While most people obtain health insurance from their employer, and this is usually the best option for those with children who need coverage for the entire family. Children seem highly prone to accidents and become ill more often than the average adult, so you will definitely want a good insurance plan that will cover them. Even if you are in a special situation, there are still ways to obtain affordable Parent & Child medical insurance in the UK.
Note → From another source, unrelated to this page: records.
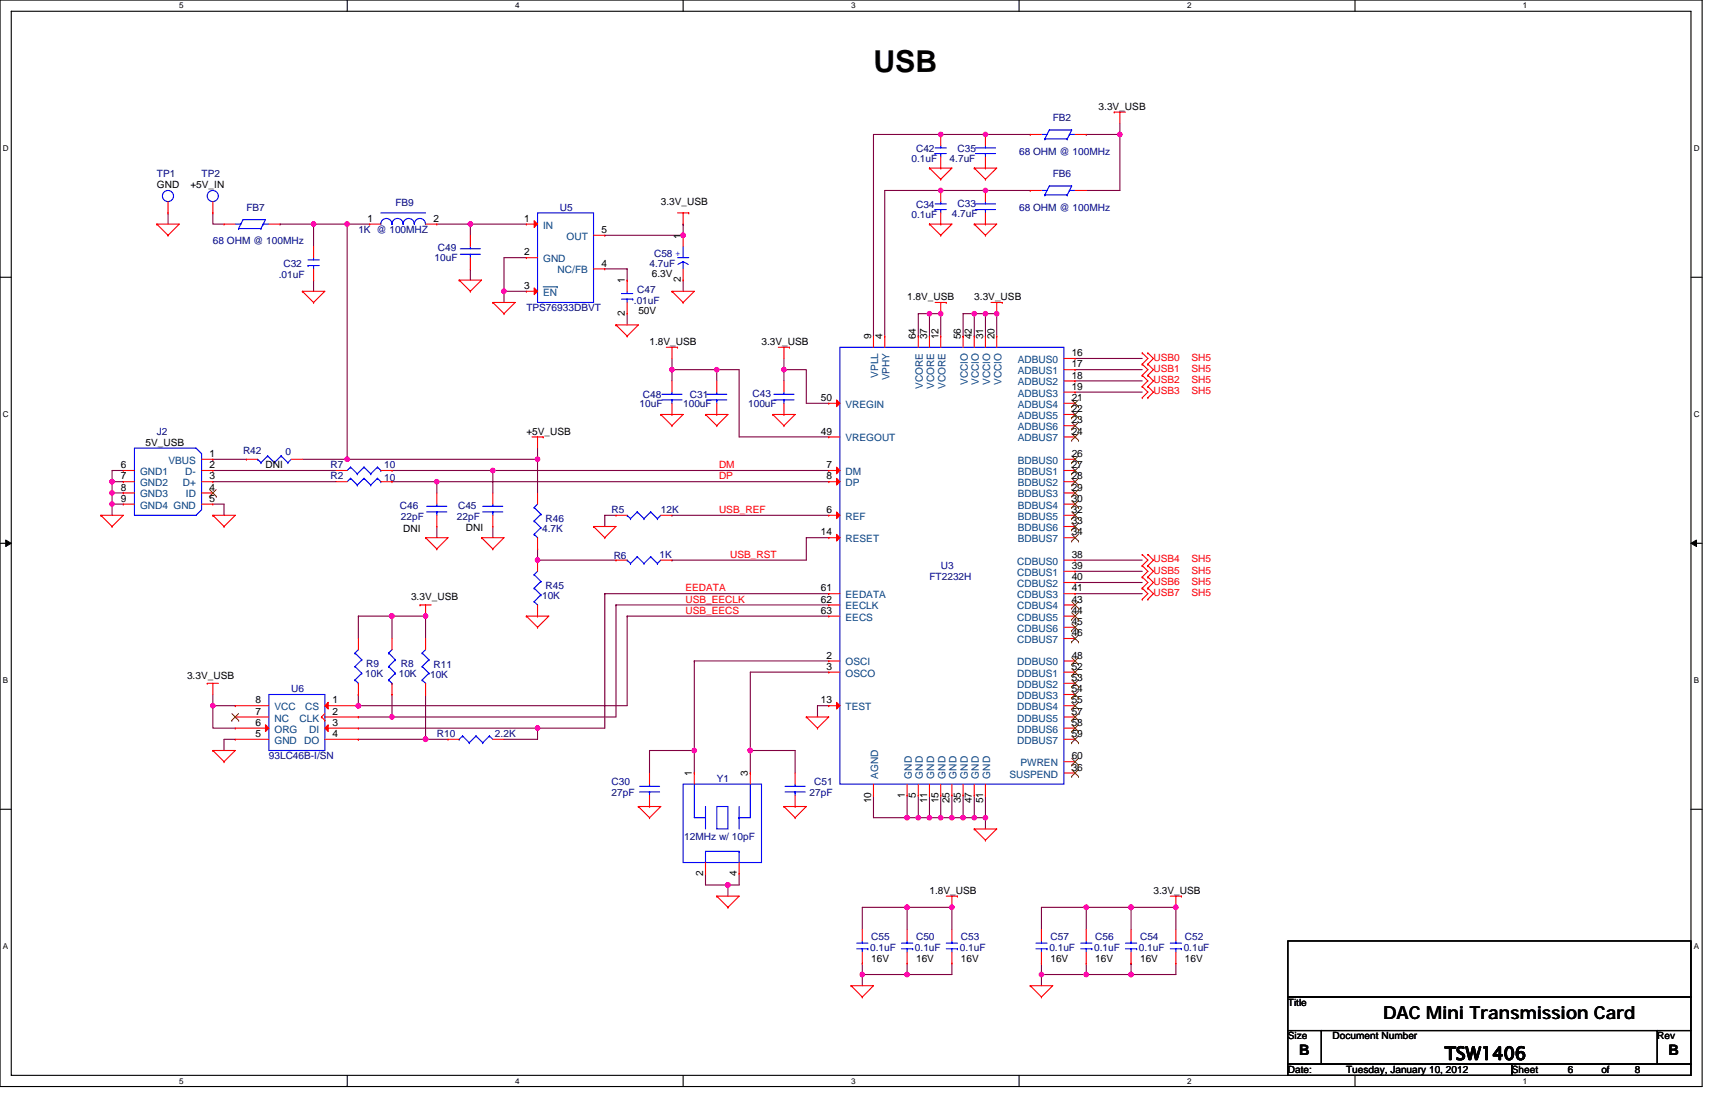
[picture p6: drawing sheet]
<svg xmlns="http://www.w3.org/2000/svg" width="432mm" height="279mm" viewBox="0 0 432 279" stroke-linecap="round" stroke-linejoin="round" font-family="sans-serif">
<path d="M0 0h428.6v273.5h-428.6zM2.8 2.8h422.9v267.9h-422.9z" fill="none" stroke="#000" stroke-width=".28"/>
<g fill="#fff">
<path d="M45.1 .3h1.1v2.3h-1.1z"/>
<path d="M45.1 271h1.1v2.2h-1.1z"/>
</g>
<path d="M87.4 0v2.8M87.4 270.7v2.8" fill="none" stroke="#000" stroke-width=".28"/>
<g fill="#fff">
<path d="M129.7 .3h1.1v2.3h-1.1z"/>
<path d="M129.7 271h1.1v2.2h-1.1z"/>
</g>
<path d="M172 0v2.8M172 270.7v2.8" fill="none" stroke="#000" stroke-width=".28"/>
<g fill="#fff">
<path d="M214.3 .3h1.1v2.3h-1.1z"/>
<path d="M214.3 271h1.1v2.2h-1.1z"/>
</g>
<path d="M256.6 0v2.8M256.6 270.7v2.8" fill="none" stroke="#000" stroke-width=".28"/>
<g fill="#fff">
<path d="M298.9 .3h1.1v2.3h-1.1z"/>
<path d="M298.9 271h1.1v2.2h-1.1z"/>
</g>
<path d="M341.2 0v2.8M341.2 270.7v2.8" fill="none" stroke="#000" stroke-width=".28"/>
<g fill="#fff">
<path d="M383.5 .3h1.1v2.3h-1.1z"/>
<path d="M383.5 271h1.1v2.2h-1.1z"/>
<path d="M.7 36.3h1.5v2.3h-1.5z"/>
<path d="M426.5 36.3h1.4v2.3h-1.4z"/>
<path d="M.7 103.3h1.5v2.2h-1.5z"/>
<path d="M426.5 103.3h1.4v2.2h-1.4z"/>
</g>
<path d="M0 69.8h2.8M425.7 69.8h2.9" fill="none" stroke="#000" stroke-width=".28"/>
<g fill="#fff">
<path d="M.7 170.2h1.4v2.3h-1.4z"/>
<path d="M426.5 170.2h1.3v2.3h-1.3z"/>
</g>
<path d="M0 136.8h2.8M425.7 136.8h2.9" fill="none" stroke="#000" stroke-width=".28"/>
<path d="M1.4 135.9l1.4 .9-1.4 .8zM425.7 136.8l1.4-.9v1.7z" fill="#000" stroke="#000" stroke-width=".25"/>
<g fill="#fff">
<path d="M.7 237.2h1.4v2.2h-1.4z"/>
<path d="M426.4 237.2h1.4v2.2h-1.4z"/>
</g>
<path d="M0 203.7h2.8M425.7 203.7h2.9M324.3 236.9h101.4v14.1h-101.4zM324.3 251h101.4v8.4h-101.4zM324.3 259.4h8.4v8.5h-8.4zM332.7 259.4h84.6v8.5h-84.6zM417.3 259.4h8.4v8.5h-8.4zM324.3 267.9h56.3v2.8h-56.3zM380.6 267.9h45.1v2.8h-45.1z" fill="none" stroke="#000" stroke-width=".28"/>
<g fill="none" stroke="#800040" stroke-width=".28">
<path d="M236.9 33.8h-17v50.8M236.9 33.8h.1M236.9 33.8h22.5M248.1 33.8h.1M273.5 33.8h.1M273.5 33.8h8.5M282 33.8v14.1h-8.5M282 31v2.8M42.3 53.6v2.8M53.6 53.6v2.8h2.8M70.5 56.4h16.9M70.5 56.4h.1"/>
<path d="M79 56.4v5.6M87.4 56.4h5.6M87.4 56.4h.1M87.4 56.4v59.2M110 56.4h8.4M118.4 56.4h.1M118.4 56.4v2.8M118.4 56.4h14.1M172 56.4h.1M172 56.4v2.8h-19.7M236.9 47.9h-14.1v36.7M236.9 47.9h.1"/>
<path d="M236.9 47.9h22.5M248.1 47.9h.1M79 70.5v2.8M118.4 67.7v2.8M126.9 73.3v2.8M126.9 73.3h.1M126.9 73.3h5.6M132.5 64.9h-5.6v8.4M152.3 67.7h5.6v2.8M157.9 79v2.8M172 70.5v2.8M234 79h-2.8v5.6"/>
<path d="M234 79h.1M234 79h2.9M234 79v5.6M236.9 79h.1M236.9 79v5.6M245.3 79h-2.8v5.6M245.3 79h.1M245.3 79h2.8M245.3 79v5.6M248.1 79h.1M248.1 79h2.9M248.1 79v5.6"/>
<path d="M251 79h.1M251 79v5.6M169.2 93h11.3v2.9M169.2 93h.1M169.2 93v2.9M169.2 90.2v2.8M180.5 93h5.6v17h22.6M180.5 93h.1M197.4 93h5.6v8.5h5.7M197.4 93h.1M197.4 90.2v2.8M197.4 93v2.9"/>
<path d="M270.7 95.9h16.9M270.7 93h16.9M270.7 98.7h16.9M270.7 90.2h16.9M31 118.4h-2.8v2.8M53.6 118.4h31M53.6 115.6h.1M53.6 115.6h8.4M76.1 115.6h11.3M87.4 115.6h.1M87.4 115.6h47.9M98.7 118.4h25.4v5.7"/>
<path d="M124.1 118.4h.1M124.1 118.4h84.6M135.3 115.6v8.5M135.3 112.8v2.8M28.2 121.2h2.8M28.2 124.1h.1M28.2 124.1h2.8M28.2 126.9h2.8M28.2 126.9h.1M28.2 121.2h.1M28.2 121.2v8.5M53.6 126.9h2.8v2.8"/>
<path d="M53.6 121.2h31M98.7 121.2h11.3M110 132.5v2.8M110 121.2h.1M110 121.2v2.9M110 121.2h98.7M124.1 132.5v2.8M135.3 138.2h.1M135.3 138.2v2.8h19.8M155.1 129.7h-2.8v2.8M169.2 129.7h.1M169.2 129.7h39.5"/>
<path d="M208.7 135.3h-5.7v5.7h-33.8M90.2 155.1h.1M90.2 155.1v5.6M90.2 155.1h16.9M98.7 155.1h.1M98.7 155.1v5.6M107.1 155.1h.1M107.1 155.1v5.6M152.3 149.4h.1M152.3 149.4v33.9h-17M152.3 149.4h56.4M155.1 152.3h.1"/>
<path d="M155.1 152.3v28.2h-56.4M155.1 152.3h53.6M157.9 155.1h.1M157.9 155.1v22.5h-67.7M157.9 155.1h50.8M169.2 141h.1M270.7 143.8h16.9M270.7 149.4h16.9M270.7 141h16.9M270.7 146.6h16.9M53.6 177.6h.1M53.6 174.8v2.8"/>
<path d="M53.6 177.6v5.7h5.6M53.6 177.6h5.6M90.2 174.8h.1M90.2 177.6h.1M90.2 174.8v2.8M98.7 174.8v5.7M107.1 174.8v11.3M174.8 166.4h.1M174.8 166.4h33.9M174.8 166.4v22.5M208.7 169.2h-19.8v19.7M208.7 177.6h-2.9v2.9"/>
<path d="M59.2 186.1h-2.8v2.8M90.2 183.3h45.1M90.2 180.5h8.5M90.2 186.1h.1M90.2 186.1h22.6M98.7 180.5h.1M107.1 186.1h.1M135.3 183.3v2.8h-8.4M135.3 183.3h.1M174.8 188.9v5.7M174.8 188.9h-11.3v5.7M188.9 188.9h11.3v5.7"/>
<path d="M188.9 188.9h.1M188.9 188.9v5.7M177.6 219.9v2.9h5.7M186.1 219.9v2.9h-2.8M219.9 200.2v5.6h8.5M228.4 200.2v5.6M228.4 205.8h.1M228.4 205.8h19.7M231.2 200.2v5.6M231.2 205.8h.1M234 200.2v5.6M234 205.8h.1"/>
<path d="M236.9 200.2v5.6M236.9 205.8h.1M239.7 200.2v5.6M239.7 205.8h.1M242.5 200.2v5.6M242.5 205.8h.1M245.3 205.8h.1M245.3 200.2v5.6M248.1 205.8v2.9M248.1 200.2v5.6M183.3 222.8h.1M183.3 222.8v2.8"/>
<path d="M228.4 228.4h-11.3v5.6M228.4 228.4h11.3v5.6M228.4 228.4h.1M228.4 228.4v5.6M273.5 228.4h-11.3v5.6M273.5 228.4h.1M273.5 228.4h22.6v5.6M273.5 228.4v5.6M284.8 228.4h.1M284.8 228.4v5.6M217.1 245.3h.1M217.1 242.5v2.8"/>
<path d="M217.1 245.3v2.8M228.4 245.3h.1M228.4 242.5v2.8M239.7 242.5v2.8h-22.6M262.2 245.3h.1M262.2 242.5v2.8M262.2 245.3v2.8M273.5 245.3h.1M273.5 242.5v2.8M284.8 245.3h.1M284.8 242.5h.1M284.8 242.5v2.8"/>
<path d="M296.1 242.5v2.8h-33.9"/>
</g>
<g fill="#f0f" stroke="#f0f" stroke-width=".28">
<circle cx="98.7" cy="155.1" r=".55"/>
<circle cx="183.3" cy="222.7" r=".55"/>
<circle cx="169.2" cy="93" r=".55"/>
<circle cx="248.1" cy="205.8" r=".55"/>
<circle cx="245.3" cy="205.8" r=".55"/>
<circle cx="284.8" cy="245.3" r=".56"/>
<circle cx="262.2" cy="245.3" r=".55"/>
<circle cx="273.5" cy="245.3" r=".55"/>
<circle cx="281.9" cy="33.8" r=".55"/>
<circle cx="248.1" cy="47.9" r=".55"/>
<circle cx="248.1" cy="33.8" r=".55"/>
<circle cx="228.4" cy="245.3" r=".56"/>
<circle cx="217.1" cy="245.3" r=".55"/>
<circle cx="197.4" cy="93" r=".55"/>
<circle cx="110" cy="121.2" r=".55"/>
<circle cx="124.1" cy="118.4" r=".55"/>
<circle cx="236.8" cy="78.9" r=".55"/>
<circle cx="296" cy="228.4" r=".56"/>
<circle cx="284.8" cy="228.4" r=".57"/>
<circle cx="236.8" cy="47.9" r=".55"/>
<circle cx="236.8" cy="33.8" r=".55"/>
<circle cx="234" cy="78.9" r=".55"/>
<circle cx="188.9" cy="188.9" r=".55"/>
<circle cx="174.8" cy="188.9" r=".55"/>
<circle cx="53.6" cy="177.6" r=".55"/>
<circle cx="239.6" cy="228.4" r=".56"/>
<circle cx="228.4" cy="228.4" r=".57"/>
<circle cx="273.5" cy="228.4" r=".56"/>
<circle cx="228.4" cy="205.8" r=".56"/>
<circle cx="250.9" cy="78.9" r=".55"/>
<circle cx="28.2" cy="124.1" r=".55"/>
<circle cx="231.2" cy="205.8" r=".55"/>
<circle cx="248.1" cy="78.9" r=".55"/>
<circle cx="242.5" cy="205.8" r=".56"/>
<circle cx="28.2" cy="126.9" r=".55"/>
<circle cx="234" cy="205.8" r=".55"/>
<circle cx="245.3" cy="78.9" r=".55"/>
<circle cx="90.2" cy="177.6" r=".55"/>
<circle cx="236.8" cy="205.8" r=".55"/>
<circle cx="107.1" cy="186.1" r=".56"/>
<circle cx="98.7" cy="180.4" r=".55"/>
<circle cx="135.3" cy="183.3" r=".55"/>
<circle cx="107.1" cy="155.1" r=".55"/>
<circle cx="180.4" cy="93" r=".55"/>
<circle cx="239.6" cy="205.8" r=".55"/>
<circle cx="135.3" cy="115.6" r=".56"/>
<circle cx="87.4" cy="115.6" r=".57"/>
<circle cx="172" cy="59.2" r=".57"/>
<circle cx="118.4" cy="56.4" r=".55"/>
<circle cx="126.9" cy="73.3" r=".56"/>
<circle cx="87.4" cy="56.4" r=".56"/>
<circle cx="78.9" cy="56.4" r=".55"/>
<circle cx="28.2" cy="121.2" r=".55"/>
<circle cx="135.3" cy="141" r=".55"/>
</g>
<g fill="none" stroke="#f00" stroke-width=".28">
<path d="M236.9 33.8v2.9M236.9 39.5v2.8M248.1 33.8v2.9M248.1 39.5v2.8M259.4 33.8h.1M259.4 33.8h2.8M270.7 33.8h2.8M280.5 28.2h.1M280.5 28.2h2.9M282 28.2v2.8M39.5 56.4h5.6l-2.8 2.8M39.5 56.4h.1"/>
<path d="M39.5 56.4l2.8 2.8M42.3 59.2h.1M42.3 53.6h.1M42.3 50.8v2.8M53.6 53.6h.1M53.6 50.8v2.8M56.4 56.4h.1M56.4 56.4h2.8M67.7 56.4h2.8M93 56.4h.1M93 56.4h2.9M107.1 56.4h2.9"/>
<path d="M110 56.4h.1M118.4 59.2v2.8M132.5 56.4h.1M132.5 56.4h2.8M149.4 59.2h2.9M152.3 59.2h.1M170.6 53.6h2.8M172 53.6v2.8M172 59.2h.1M172 59.2v2.8M173.4 53.6h.1M234 56.4h5.7l-2.8 2.8"/>
<path d="M234 56.4h.1M234 42.3h5.7l-2.8 2.8M234 42.3h.1M234 56.4l2.9 2.8M234 42.3l2.9 2.8M236.9 59.2h.1M236.9 45.1h.1M236.9 47.9v2.9M236.9 56.4h.1M236.9 42.3h.1M236.9 53.6v2.8M245.3 56.4h5.7l-2.9 2.8"/>
<path d="M245.3 56.4h.1M245.3 42.3h5.7l-2.9 2.8M245.3 42.3h.1M245.3 56.4l2.8 2.8M245.3 42.3l2.8 2.8M248.1 59.2h.1M248.1 45.1h.1M248.1 47.9v2.9M248.1 56.4h.1M248.1 42.3h.1M248.1 53.6v2.8M259.4 47.9h.1"/>
<path d="M259.4 47.9h2.8M270.7 47.9h2.8M76.1 73.3h5.7l-2.8 2.8M76.1 73.3h.1M76.1 73.3l2.9 2.8M79 76.1h.1M79 62v2.9M79 70.5h.1M79 67.7v2.8M115.6 70.5h5.6l-2.8 2.8M115.6 70.5h.1M115.6 70.5l2.8 2.8"/>
<path d="M118.4 73.3h.1M118.4 67.7h.1M118.4 64.9v2.8M124.1 76.1h5.6l-2.8 2.9M124.1 76.1h.1M124.1 76.1l2.8 2.9M126.9 79h.1M132.5 73.3h.1M132.5 64.9h.1M132.5 73.3h2.8M132.5 64.9h2.8M149.4 67.7h2.9"/>
<path d="M152.3 67.7h.1M157.9 70.5h.1M157.9 79h.1M157.9 70.5v2.8M157.9 76.1v2.9M169.2 73.3h5.6l-2.8 2.8M169.2 73.3h.1M169.2 73.3l2.8 2.8M172 76.1h.1M172 70.5h.1M172 67.7v2.8M235.4 76.1h2.9"/>
<path d="M236.9 76.1v2.9M238.3 76.1h.1M249.5 76.1h2.8M251 76.1v2.9M252.3 76.1h.1M155.1 81.8h5.6l-2.8 2.8M155.1 81.8h.1M155.1 81.8l2.8 2.8M157.9 84.6h.1M167.8 87.4h2.8M169.2 87.4v2.8M169.2 95.9v2.8"/>
<path d="M170.6 87.4h.1M180.5 95.9v2.8M196 87.4h2.8M197.4 87.4v2.8M197.4 95.9v2.8M198.8 87.4h.1M219.9 84.6h.1M219.9 84.6v2.8M222.8 84.6h.1M222.8 84.6v2.8M231.2 84.6h.1M231.2 84.6v2.8"/>
<path d="M234 84.6h.1M234 84.6v2.8M236.9 84.6h.1M236.9 84.6v2.8M242.5 84.6h.1M242.5 84.6v2.8M245.3 84.6h.1M245.3 84.6v2.8M248.1 84.6h.1M248.1 84.6v2.8M251 84.6h.1M251 84.6v2.8"/>
<path d="M267.9 90.2h2.8M267.9 93h2.8M267.9 95.9h2.8M267.9 98.7h2.8M270.7 90.2h.1M270.7 93h.1M270.7 95.9h.1M270.7 98.7h.1M287.6 91.7h.1M287.6 88.8h.1M287.6 94.5h.1M287.6 97.3h.1"/>
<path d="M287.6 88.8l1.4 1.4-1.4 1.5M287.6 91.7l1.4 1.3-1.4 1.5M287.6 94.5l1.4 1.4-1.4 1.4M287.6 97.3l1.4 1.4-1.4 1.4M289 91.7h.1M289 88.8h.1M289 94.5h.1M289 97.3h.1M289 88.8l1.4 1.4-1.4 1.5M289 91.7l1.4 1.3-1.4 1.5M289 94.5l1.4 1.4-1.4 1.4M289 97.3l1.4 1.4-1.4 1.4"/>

Each of the countries of the UK has their own National Health Service, a national publicly funded form of health care which promises to provide coverage for permanent residents. Details and specifications may vary from country to country and you should check with a local office to see what type of coverage you are qualified to receive.

The NHS may not cover everyone or all expenses, so you will possibly need to consider other options that you have available. The Internet offers the greatest resource to date. If your family has a certain upcoming expense such as the birth of a child, or you are planning to have children, it is all the more important to get this matter settled.

Do some research online. Obtain some online quotes directly from UK health insurance providers online and consider the various options that come up. Many smaller insurance companies who are starting up will be willing to offer you a lot for your money. Just be sure that you are working with a legitimate company before you sign up.

Going without health insurance can prove disastrous and could be the decision that would ruin your life. Who knows when they may contract an illness or face a medical emergency that would put them in debt for the rest of their life with no coverage to rely upon? Be smart and plan carefully so that your future is secure. This is especially important when your children are involved.